Lately, I've been thinking a lot about Scott's meditation on celebrity and how his particular pheromone for fame (mixed around with those of this triplet brothers/bandmates) informs the hegemony which boy bands, in general, represent. As the official unauthorized biographer of another, earlier subculture, the Backstreet Boys, it is impossible not to recognize the dominance of this ascending power as causing the spectacular breakdown of consensus in the burgeoning era of Total Request Live.

Well, at least that's what I like to tell myself. Subjecting bands like the Moffatts or the Backstreet Boys to the structuralist, semiotic, and analytical techniques propagated by Karl Marx and Roland Barthes is something I have to do because of what I do: I write books about flavor-of-the-month celebrities. And I write them for screaming, 12-year-old girls.

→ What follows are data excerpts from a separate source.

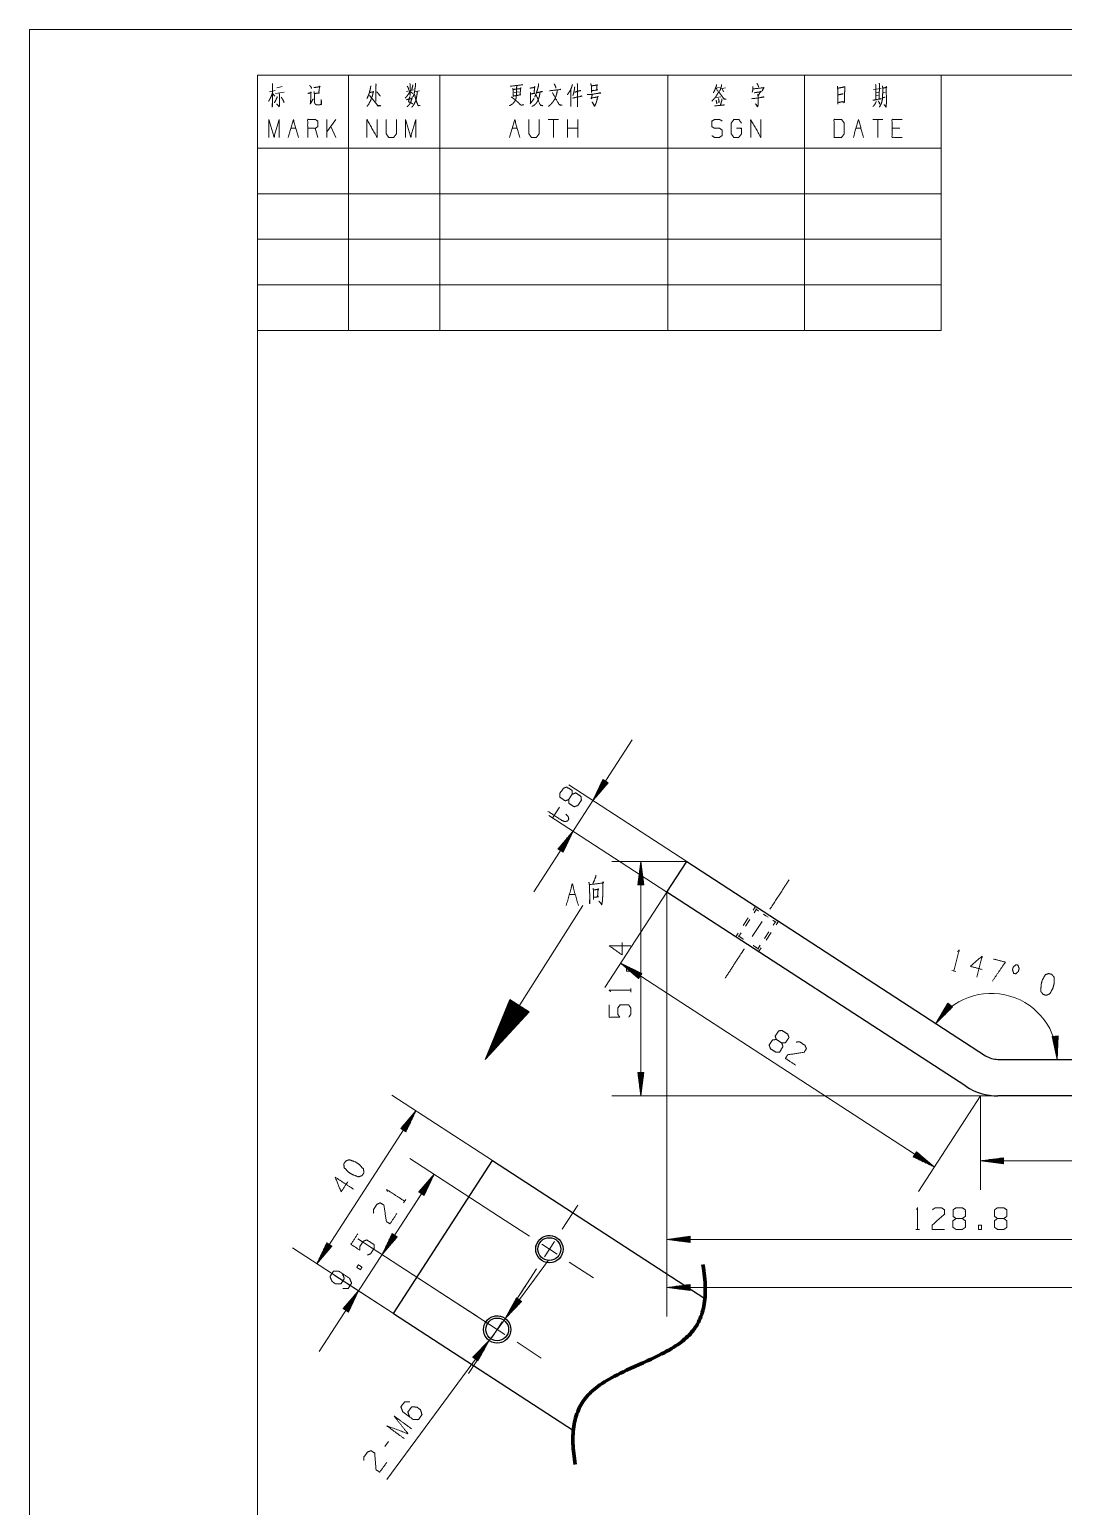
# Model space of a CAD drawing. Header units: millimetres. Extents: x 0 to 420, y 0 to 297.
# Drawn here: x 0 to 113.4, y 135.1 to 297 of the extents above; entities that cross this region are included whole.
import ezdxf

# ---------------------------------------------------------------- set-up
doc = ezdxf.new("R2010")
doc.units = ezdxf.units.MM
doc.layers.add('1', color=7, linetype='Continuous', true_color=0xffffff)

msp = doc.modelspace()

# ---------------------------------------------------------------- linework, layer by layer
at = {"layer": '1', "color": 132, "linetype": 'Continuous', "lineweight": 18}
for p, q in [((0, 297), (0, 0)), ((420, 297), (0, 297)), ((25, 292), (25, 264)), ((25, 292), (100, 292)), ((25, 292), (100, 292)), ((25, 292), (100, 292)), ((25, 292), (25, 5)), ((415, 292), (25, 292)), ((35, 292), (35, 264)), ((45, 292), (45, 264)), ((70, 292), (70, 264)), ((85, 292), (85, 264)), ((100, 292), (100, 264)), ((25, 284), (100, 284)), ((25, 279), (100, 279)), ((25, 274), (100, 274)), ((25, 269), (100, 269)), ((25, 264), (100, 264))]:
    msp.add_line(p, q, dxfattribs=at)
at = {"layer": '1', "color": 95, "linetype": 'Continuous', "lineweight": 18}
for p, q in [((26.34, 290.18), (26.96, 290.3)), ((26.7, 289.95), (26.92, 289.68)), ((26.99, 289.99), (27.95, 290.14)), ((27.13, 290.61), (27.71, 290.74)), ((41.34, 290.22), (42.13, 290.38)), ((42.25, 290.16), (42.79, 290.28)), ((53.17, 290.09), (53.7, 290.18)), ((75.25, 290.57), (75.67, 290.63)), ((75.35, 290.55), (75.45, 290.24)), ((75.82, 290.51), (76.35, 290.61)), ((75.98, 290.49), (76.11, 290.16)), ((92.56, 290.43), (93.43, 290.55)), ((92.84, 290.07), (93.11, 290.14)), ((93.6, 290.05), (93.85, 290.12)), ((54.91, 288.87), (55.37, 289.43)), ((75.83, 289.64), (75.37, 289.56)), ((92.86, 289.72), (93.09, 289.78)), ((33.59, 287.14), (32.63, 285.78)), ((32.63, 285.18), (32.63, 287.14)), ((58.02, 287.14), (56.9, 287.14)), ((57.46, 287.14), (57.46, 285.18)), ((59.02, 285.18), (59.02, 287.14)), ((60.14, 285.18), (60.14, 287.14)), ((93.6, 287.14), (92.49, 287.14)), ((93.05, 287.14), (93.05, 285.18)), ((28.66, 286.17), (29.22, 286.17)), ((31.62, 285.18), (31.34, 286.17)), ((33.59, 285.18), (33.04, 286.36)), ((52.94, 286.17), (53.49, 286.17)), ((60.14, 286.17), (59.02, 286.17)), ((90.65, 286.17), (91.2, 286.17)), ((95.45, 286.17), (94.61, 286.17)), ((57.42, 210.61), (58.14, 211.73)), ((59.21, 202.16), (59.88, 202.16)), ((101.18, 193.84), (101.59, 193.73)), ((65.95, 191.46), (65.95, 191.88)), ((41.04, 168.36), (41.27, 168.72)), ((97.21, 165.45), (97.64, 165.45)), ((39.39, 142.2), (38.99, 141.66))]:
    msp.add_line(p, q, dxfattribs=at)
at = {"layer": '1', "color": 13, "linetype": 'Continuous', "lineweight": 18}
for p, q in [((66.12, 219.12), (55.3, 202.45)), ((72.09, 205.78), (59.14, 214.2)), ((62.9, 214.78), (61.8, 212.47)), ((61.8, 212.47), (63.47, 214.41)), ((63.16, 214.61), (61.89, 212.64)), ((63.21, 214.58), (61.93, 212.61)), ((63.12, 214.64), (62.05, 212.99)), ((63.25, 214.56), (62.18, 212.91)), ((63.08, 214.67), (62.22, 213.34)), ((63.04, 214.69), (62.39, 213.7)), ((63.29, 214.53), (62.43, 213.21)), ((62.99, 214.72), (62.56, 214.05)), ((63.33, 214.5), (62.69, 213.5)), ((62.95, 214.75), (62.72, 214.4)), ((62.91, 214.78), (62.89, 214.75)), ((62.91, 214.78), (62.89, 214.75)), ((63.47, 214.41), (62.9, 214.78)), ((63.38, 214.47), (62.94, 213.8)), ((63.42, 214.44), (63.19, 214.09)), ((63.46, 214.42), (63.44, 214.39)), ((63.46, 214.42), (63.44, 214.39)), ((69.92, 202.43), (56.96, 210.84)), ((59.62, 209.11), (57.96, 207.16)), ((58.22, 207), (59.5, 208.96)), ((58.26, 206.97), (59.54, 208.94)), ((58.52, 206.8), (59.62, 209.11)), ((58.01, 207.13), (58.23, 207.48)), ((58.05, 207.11), (58.49, 207.78)), ((58.09, 207.08), (58.74, 208.08)), ((58.13, 207.05), (58.99, 208.37)), ((58.18, 207.02), (59.24, 208.67)), ((58.3, 206.94), (59.37, 208.58)), ((58.35, 206.91), (59.2, 208.23)), ((58.39, 206.88), (59.04, 207.88)), ((58.43, 206.86), (58.87, 207.53)), ((57.96, 207.16), (57.98, 207.19)), ((57.96, 207.16), (57.98, 207.19)), ((57.96, 207.16), (58.52, 206.8)), ((58.47, 206.83), (58.7, 207.18)), ((58.52, 206.8), (58.53, 206.83)), ((58.52, 206.8), (58.53, 206.83)), ((72.09, 205.78), (63.87, 205.78)), ((67.05, 205.78), (66.71, 203.24)), ((67.38, 203.24), (67.05, 205.78)), ((67.05, 205.78), (67.05, 180.1)), ((66.82, 203.24), (66.82, 204.05)), ((66.87, 203.24), (66.87, 204.43)), ((66.92, 203.24), (66.92, 204.82)), ((66.97, 203.24), (66.97, 205.2)), ((67.02, 203.24), (67.02, 205.59)), ((67.07, 203.24), (67.07, 205.59)), ((67.12, 203.24), (67.12, 205.2)), ((67.17, 203.24), (67.17, 204.82)), ((67.22, 203.24), (67.22, 204.43)), ((67.27, 203.24), (67.27, 204.05)), ((69.92, 202.43), (63.12, 191.96)), ((66.71, 203.24), (67.38, 203.24)), ((66.72, 203.24), (66.72, 203.27)), ((66.72, 203.24), (66.72, 203.27)), ((66.77, 203.24), (66.77, 203.66)), ((67.33, 203.24), (67.33, 203.66)), ((67.38, 203.24), (67.38, 203.27)), ((67.38, 203.24), (67.38, 203.27)), ((69.92, 202.43), (69.92, 161.19)), ((69.92, 202.43), (69.92, 155.92)), ((60.71, 200.96), (49.99, 184.08)), ((67.16, 193.52), (64.85, 194.63)), ((64.85, 194.63), (66.8, 192.96)), ((99.24, 172.3), (64.85, 194.63)), ((66.97, 193.22), (65, 194.5)), ((66.99, 193.27), (65.03, 194.54)), ((67.02, 193.31), (65.38, 194.38)), ((66.94, 193.18), (65.29, 194.25)), ((66.91, 193.14), (65.59, 194)), ((67.05, 193.35), (65.73, 194.21)), ((66.88, 193.09), (65.89, 193.74)), ((67.08, 193.39), (66.08, 194.04)), ((66.86, 193.05), (66.18, 193.49)), ((67.1, 193.44), (66.43, 193.87)), ((66.83, 193.01), (66.48, 193.24)), ((66.8, 192.97), (66.77, 192.98)), ((66.8, 192.97), (66.77, 192.98)), ((67.13, 193.48), (66.78, 193.71)), ((66.8, 192.96), (67.16, 193.52)), ((67.16, 193.52), (67.13, 193.54)), ((67.16, 193.52), (67.13, 193.54)), ((52.7, 190.65), (49.99, 184.08)), ((53.75, 189.98), (49.99, 184.08)), ((53.75, 189.98), (49.99, 184.08)), ((53.7, 190.01), (50.1, 184.35)), ((53.79, 189.96), (50.19, 184.29)), ((53.66, 190.04), (50.22, 184.62)), ((53.62, 190.07), (50.33, 184.89)), ((53.83, 189.93), (50.39, 184.51)), ((53.57, 190.09), (50.44, 185.16)), ((53.53, 190.12), (50.55, 185.43)), ((53.87, 189.9), (50.58, 184.72)), ((53.49, 190.15), (50.66, 185.7)), ((53.44, 190.18), (50.77, 185.97)), ((53.92, 189.88), (50.78, 184.94)), ((53.4, 190.2), (50.88, 186.24)), ((53.96, 189.85), (50.98, 185.16)), ((53.36, 190.23), (51, 186.51)), ((53.32, 190.26), (51.11, 186.78)), ((54, 189.82), (51.18, 185.37)), ((53.27, 190.28), (51.22, 187.05)), ((53.23, 190.31), (51.33, 187.32)), ((54.05, 189.79), (51.37, 185.59)), ((53.19, 190.34), (51.44, 187.59)), ((53.14, 190.37), (51.55, 187.86)), ((54.09, 189.77), (51.57, 185.8)), ((53.1, 190.39), (51.67, 188.13)), ((54.13, 189.74), (51.77, 186.02)), ((53.06, 190.42), (51.78, 188.4)), ((53.02, 190.45), (51.89, 188.67)), ((54.17, 189.71), (51.97, 186.24)), ((52.97, 190.47), (52, 188.94)), ((52.93, 190.5), (52.11, 189.21)), ((54.22, 189.69), (52.16, 186.45)), ((52.89, 190.53), (52.22, 189.48)), ((52.84, 190.56), (52.34, 189.75)), ((54.26, 189.66), (52.36, 186.67)), ((52.8, 190.58), (52.45, 190.03)), ((52.76, 190.61), (52.56, 190.3)), ((54.3, 189.63), (52.56, 186.88)), ((52.72, 190.64), (52.67, 190.57)), ((52.72, 190.64), (52.67, 190.57)), ((54.79, 189.32), (52.7, 190.65)), ((54.35, 189.6), (52.76, 187.1)), ((54.39, 189.58), (52.95, 187.32)), ((54.43, 189.55), (53.15, 187.53)), ((54.47, 189.52), (53.35, 187.75)), ((54.52, 189.49), (53.54, 187.96)), ((54.56, 189.47), (53.74, 188.18)), ((100.72, 190.25), (99.42, 188.04)), ((99.42, 188.04), (101.24, 189.84)), ((100.96, 190.06), (99.51, 188.21)), ((101, 190.03), (99.55, 188.18)), ((100.92, 190.09), (99.71, 188.54)), ((101.04, 189.99), (99.83, 188.45)), ((100.88, 190.12), (99.91, 188.88)), ((100.84, 190.15), (100.11, 189.21)), ((101.08, 189.96), (100.11, 188.72)), ((100.8, 190.18), (100.3, 189.55)), ((101.12, 189.93), (100.39, 188.99)), ((100.76, 190.21), (100.5, 189.88)), ((101.16, 189.9), (100.66, 189.27)), ((100.72, 190.24), (100.7, 190.22)), ((100.72, 190.24), (100.7, 190.22)), ((101.24, 189.84), (100.72, 190.25)), ((101.2, 189.87), (100.94, 189.54)), ((101.24, 189.84), (101.22, 189.81)), ((101.24, 189.84), (101.22, 189.81)), ((49.99, 184.08), (54.79, 189.32)), ((54.6, 189.44), (53.94, 188.39)), ((54.65, 189.41), (54.14, 188.61)), ((54.69, 189.39), (54.33, 188.83)), ((54.73, 189.36), (54.53, 189.04)), ((54.77, 189.33), (54.73, 189.26)), ((54.77, 189.33), (54.73, 189.26)), ((112.84, 186.66), (112.17, 186.6)), ((112.17, 186.6), (112.18, 186.57)), ((112.17, 186.6), (112.18, 186.57)), ((112.17, 186.6), (112.72, 184.1)), ((112.22, 186.6), (112.26, 186.19)), ((112.28, 186.61), (112.35, 185.81)), ((112.33, 186.61), (112.43, 185.43)), ((112.38, 186.62), (112.51, 185.05)), ((112.43, 186.62), (112.6, 184.67)), ((112.48, 186.63), (112.68, 184.29)), ((112.53, 186.63), (112.73, 184.29)), ((112.58, 186.63), (112.75, 184.68)), ((112.63, 186.64), (112.77, 185.07)), ((112.68, 186.64), (112.78, 185.46)), ((112.72, 184.1), (112.84, 186.66)), ((112.73, 186.65), (112.8, 185.85)), ((112.78, 186.65), (112.82, 186.24)), ((112.83, 186.66), (112.83, 186.63)), ((112.83, 186.66), (112.83, 186.63)), ((66.71, 182.64), (67.05, 180.1)), ((67.38, 182.64), (66.71, 182.64)), ((66.72, 182.64), (66.72, 182.61)), ((66.72, 182.64), (66.72, 182.61)), ((66.77, 182.64), (66.77, 182.22)), ((66.82, 182.64), (66.82, 181.83)), ((66.87, 182.64), (66.87, 181.45)), ((66.92, 182.64), (66.92, 181.06)), ((66.97, 182.64), (66.97, 180.68)), ((67.02, 182.64), (67.02, 180.29)), ((67.05, 180.1), (67.38, 182.64)), ((67.07, 182.64), (67.07, 180.29)), ((67.12, 182.64), (67.12, 180.68)), ((67.17, 182.64), (67.17, 181.06)), ((67.22, 182.64), (67.22, 181.45)), ((67.27, 182.64), (67.27, 181.83)), ((67.33, 182.64), (67.33, 182.22)), ((67.38, 182.64), (67.38, 182.61)), ((67.38, 182.64), (67.38, 182.61)), ((50.8, 173), (39.73, 180.19)), ((106.23, 180.1), (63.87, 180.1)), ((104.3, 180.1), (97.51, 169.63)), ((104.3, 180.1), (104.3, 169.81)), ((42.39, 178.46), (31.5, 161.69)), ((42.39, 178.46), (40.73, 176.51)), ((40.99, 176.34), (42.27, 178.31)), ((41.03, 176.32), (42.31, 178.28)), ((41.29, 176.15), (42.39, 178.46)), ((40.73, 176.51), (40.75, 176.54)), ((40.73, 176.51), (40.75, 176.54)), ((40.73, 176.51), (41.29, 176.15)), ((40.78, 176.48), (41, 176.83)), ((40.82, 176.45), (41.26, 177.13)), ((40.86, 176.43), (41.51, 177.42)), ((40.9, 176.4), (41.76, 177.72)), ((40.95, 176.37), (42.02, 178.02)), ((41.08, 176.29), (42.14, 177.93)), ((41.12, 176.26), (41.98, 177.58)), ((41.16, 176.23), (41.81, 177.23)), ((41.2, 176.2), (41.64, 176.88)), ((41.25, 176.18), (41.47, 176.53)), ((41.29, 176.15), (41.31, 176.18)), ((41.29, 176.15), (41.31, 176.18)), ((97.29, 173.96), (96.92, 173.4)), ((96.92, 173.4), (99.24, 172.3)), ((96.93, 173.4), (96.95, 173.39)), ((96.93, 173.4), (96.95, 173.39)), ((96.95, 173.45), (97.3, 173.22)), ((96.98, 173.49), (97.65, 173.05)), ((97.01, 173.53), (98.01, 172.88)), ((97.04, 173.57), (98.36, 172.72)), ((97.06, 173.62), (98.71, 172.55)), ((97.09, 173.66), (99.06, 172.38)), ((97.12, 173.7), (99.09, 172.42)), ((97.15, 173.74), (98.79, 172.68)), ((97.17, 173.79), (98.5, 172.93)), ((97.2, 173.83), (98.2, 173.18)), ((97.23, 173.87), (97.9, 173.43)), ((97.26, 173.91), (97.61, 173.69)), ((97.29, 173.96), (97.31, 173.94)), ((97.29, 173.96), (97.31, 173.94)), ((99.24, 172.3), (97.29, 173.96)), ((106.84, 173.32), (104.3, 172.99)), ((106.84, 173.26), (106.42, 173.26)), ((106.84, 173.32), (106.81, 173.32)), ((106.84, 173.32), (106.81, 173.32)), ((106.84, 172.65), (106.84, 173.32)), ((52.19, 166.44), (41.72, 173.23)), ((104.3, 172.99), (106.84, 172.65)), ((104.3, 172.99), (239.3, 172.99)), ((106.84, 173.01), (104.49, 173.01)), ((106.84, 172.96), (104.49, 172.96)), ((106.84, 173.06), (104.88, 173.06)), ((106.84, 172.91), (104.88, 172.91)), ((106.84, 173.11), (105.27, 173.11)), ((106.84, 172.86), (105.27, 172.86)), ((106.84, 173.16), (105.65, 173.16)), ((106.84, 172.81), (105.65, 172.81)), ((106.84, 173.21), (106.04, 173.21)), ((106.84, 172.76), (106.04, 172.76)), ((106.84, 172.71), (106.42, 172.71)), ((106.84, 172.66), (106.81, 172.66)), ((106.84, 172.66), (106.81, 172.66)), ((38.67, 162.7), (44.38, 171.5)), ((44.38, 171.5), (42.72, 169.56)), ((42.81, 169.5), (43.25, 170.17)), ((42.85, 169.47), (43.5, 170.47)), ((42.89, 169.44), (43.75, 170.76)), ((42.94, 169.41), (44.01, 171.06)), ((42.98, 169.39), (44.26, 171.36)), ((43.02, 169.36), (44.3, 171.33)), ((43.06, 169.33), (44.13, 170.98)), ((43.11, 169.3), (43.97, 170.63)), ((43.15, 169.28), (43.8, 170.27)), ((43.28, 169.19), (44.38, 171.5)), ((31.76, 152.06), (42.99, 169.35)), ((42.72, 169.55), (42.74, 169.58)), ((42.72, 169.55), (42.74, 169.58)), ((42.72, 169.56), (43.28, 169.19)), ((42.77, 169.53), (42.99, 169.88)), ((43.19, 169.25), (43.63, 169.92)), ((43.24, 169.22), (43.46, 169.57)), ((43.28, 169.19), (43.3, 169.22)), ((43.28, 169.19), (43.3, 169.22)), ((32.6, 164), (31.5, 161.69)), ((31.5, 161.69), (33.17, 163.63)), ((32.86, 163.83), (31.59, 161.86)), ((32.91, 163.8), (31.63, 161.83)), ((32.82, 163.86), (31.75, 162.21)), ((32.95, 163.77), (31.88, 162.13)), ((32.78, 163.89), (31.92, 162.56)), ((32.74, 163.91), (32.09, 162.92)), ((32.99, 163.75), (32.13, 162.43)), ((32.69, 163.94), (32.26, 163.27)), ((33.03, 163.72), (32.39, 162.72)), ((32.65, 163.97), (32.42, 163.62)), ((32.61, 164), (32.59, 163.97)), ((32.61, 164), (32.59, 163.97)), ((33.17, 163.63), (32.6, 164)), ((33.08, 163.69), (32.64, 163.02)), ((33.12, 163.66), (32.89, 163.31)), ((33.16, 163.64), (33.14, 163.61)), ((33.16, 163.64), (33.14, 163.61)), ((51.3, 154.49), (36, 164.43)), ((46.47, 157.63), (36, 164.43)), ((39.77, 165.01), (38.67, 162.7)), ((39.77, 165.01), (38.67, 162.7)), ((38.67, 162.7), (40.33, 164.65)), ((38.67, 162.7), (40.33, 164.65)), ((40.03, 164.84), (38.75, 162.87)), ((40.03, 164.84), (38.75, 162.87)), ((40.07, 164.81), (38.79, 162.85)), ((40.07, 164.81), (38.79, 162.85)), ((39.99, 164.87), (38.92, 163.22)), ((39.99, 164.87), (38.92, 163.22)), ((40.11, 164.79), (39.04, 163.14)), ((40.11, 164.79), (39.04, 163.14)), ((39.94, 164.9), (39.08, 163.58)), ((39.94, 164.9), (39.08, 163.58)), ((39.9, 164.92), (39.25, 163.93)), ((39.9, 164.92), (39.25, 163.93)), ((40.16, 164.76), (39.3, 163.44)), ((40.16, 164.76), (39.3, 163.44)), ((39.86, 164.95), (39.42, 164.28)), ((39.86, 164.95), (39.42, 164.28)), ((40.2, 164.73), (39.55, 163.73)), ((40.2, 164.73), (39.55, 163.73)), ((39.81, 164.98), (39.59, 164.63)), ((39.81, 164.98), (39.59, 164.63)), ((39.77, 165.01), (39.75, 164.98)), ((39.77, 165.01), (39.75, 164.98)), ((39.77, 165.01), (39.75, 164.98)), ((39.77, 165.01), (39.75, 164.98)), ((40.33, 164.65), (39.77, 165.01)), ((40.33, 164.65), (39.77, 165.01)), ((40.24, 164.7), (39.8, 164.03)), ((40.24, 164.7), (39.8, 164.03)), ((40.28, 164.68), (40.06, 164.33)), ((40.28, 164.68), (40.06, 164.33)), ((40.33, 164.65), (40.31, 164.62)), ((40.33, 164.65), (40.31, 164.62)), ((40.33, 164.65), (40.31, 164.62)), ((40.33, 164.65), (40.31, 164.62)), ((72.46, 164.7), (69.92, 164.36)), ((69.92, 164.36), (72.46, 164.03)), ((69.92, 164.36), (134.3, 164.36)), ((72.46, 164.39), (70.11, 164.39)), ((72.46, 164.34), (70.11, 164.34)), ((72.46, 164.44), (70.49, 164.44)), ((72.46, 164.29), (70.49, 164.29)), ((72.46, 164.49), (70.88, 164.49)), ((72.46, 164.23), (70.88, 164.23)), ((72.46, 164.54), (71.27, 164.54)), ((72.46, 164.18), (71.27, 164.18)), ((72.46, 164.59), (71.65, 164.59)), ((72.46, 164.13), (71.65, 164.13)), ((72.46, 164.64), (72.04, 164.64)), ((72.46, 164.08), (72.04, 164.08)), ((72.46, 164.69), (72.42, 164.69)), ((72.46, 164.69), (72.42, 164.69)), ((72.46, 164.03), (72.42, 164.03)), ((72.46, 164.03), (72.42, 164.03)), ((72.46, 164.03), (72.46, 164.7)), ((39.91, 156.22), (28.84, 163.42)), ((39.18, 138.05), (56.91, 162.08)), ((39.91, 156.22), (33.42, 160.44)), ((36.08, 158.71), (34.41, 156.77)), ((34.98, 156.4), (36.08, 158.71)), ((72.46, 159.43), (69.92, 159.1)), ((69.92, 159.1), (72.46, 158.76)), ((69.92, 159.1), (280.15, 159.1)), ((72.46, 159.12), (70.11, 159.12)), ((72.46, 159.07), (70.11, 159.07)), ((72.46, 159.17), (70.49, 159.17)), ((72.46, 159.02), (70.49, 159.02)), ((72.46, 159.22), (70.88, 159.22)), ((72.46, 158.97), (70.88, 158.97)), ((72.46, 159.28), (71.27, 159.28)), ((72.46, 158.92), (71.27, 158.92)), ((72.46, 159.33), (71.65, 159.33)), ((72.46, 158.87), (71.65, 158.87)), ((72.46, 159.38), (72.04, 159.38)), ((72.46, 158.82), (72.04, 158.82)), ((72.46, 159.43), (72.42, 159.43)), ((72.46, 159.43), (72.42, 159.43)), ((72.46, 158.77), (72.42, 158.77)), ((72.46, 158.77), (72.42, 158.77)), ((72.46, 158.76), (72.46, 159.43)), ((34.46, 156.74), (34.69, 157.09)), ((34.5, 156.71), (34.94, 157.38)), ((34.55, 156.68), (35.19, 157.68)), ((34.59, 156.65), (35.45, 157.97)), ((34.63, 156.63), (35.7, 158.27)), ((34.67, 156.6), (35.95, 158.57)), ((34.72, 156.57), (35.99, 158.54)), ((34.76, 156.54), (35.83, 158.19)), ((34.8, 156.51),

I puff myself up for two reasons. First off,.there's nothing inherently validating in writing about the cast of characters -- the Justin Timberlakes, the Nick Carters, the Christina Aguileras -- that populate the inside of a teenager's locker. Secondly, I self-elevate because no one else will. Except for possibly Neil Postman, and as far as I know, he has not written a letter of admiration in care of my publisher.

"You're writing a book about who?" asks my writer-friend Karl, whose books usually concern themselves with callboys, heroin, bare-knuckle fighting, wastelands, and Detroit. Sometimes all at once.

"Tell me you didn't just say LeAnn Rimes," he responds when I indeed tell him I am writing a book about LeAnn Rimes. "You are not writing a book about LeAnn Rimes," he says while shaking his head to illustrate how dumbfounded, how completely taken aback he is.

I have disappointed him. More so when I tell him, a year later, that I am now writing a book about the Backstreet Boys. "I did not. Just hear you say that," he will go.

I lack the guts to tell him that this year, rounding out the Galaxy of Superstars trilogy, will be my opus on Ricky Martin.

Like actually going out and purchasing (and probably wearing) a pristine, yet clearly vintage, Journey concert tour jacket, writing about teen pin-ups is perfectly okay as long as it's done with the bathos it deserves. But otherwise, it is not perfectly okay.

"At fifteen, LeAnn Rimes has accomplished things most adults can never hope to. She looks forward to the future and dreams of all the things she still wants to achieve. She'd like to have her own house, high on a hill with plenty of horses and cows. She'd also like to help children and has plans to go to college and study speech pathology.

"But real dreamers never stop dreaming. For LeAnn, there is always something new to strive for. 'You know, you can mention Barbra Streisand to someone who listens to Aerosmith or Nine Inch Nails and they're going to know who she is,' says LeAnn. 'And that's my goal in life, to have everyone know, no matter what kind of music they listen to, who LeAnn Rimes is.'"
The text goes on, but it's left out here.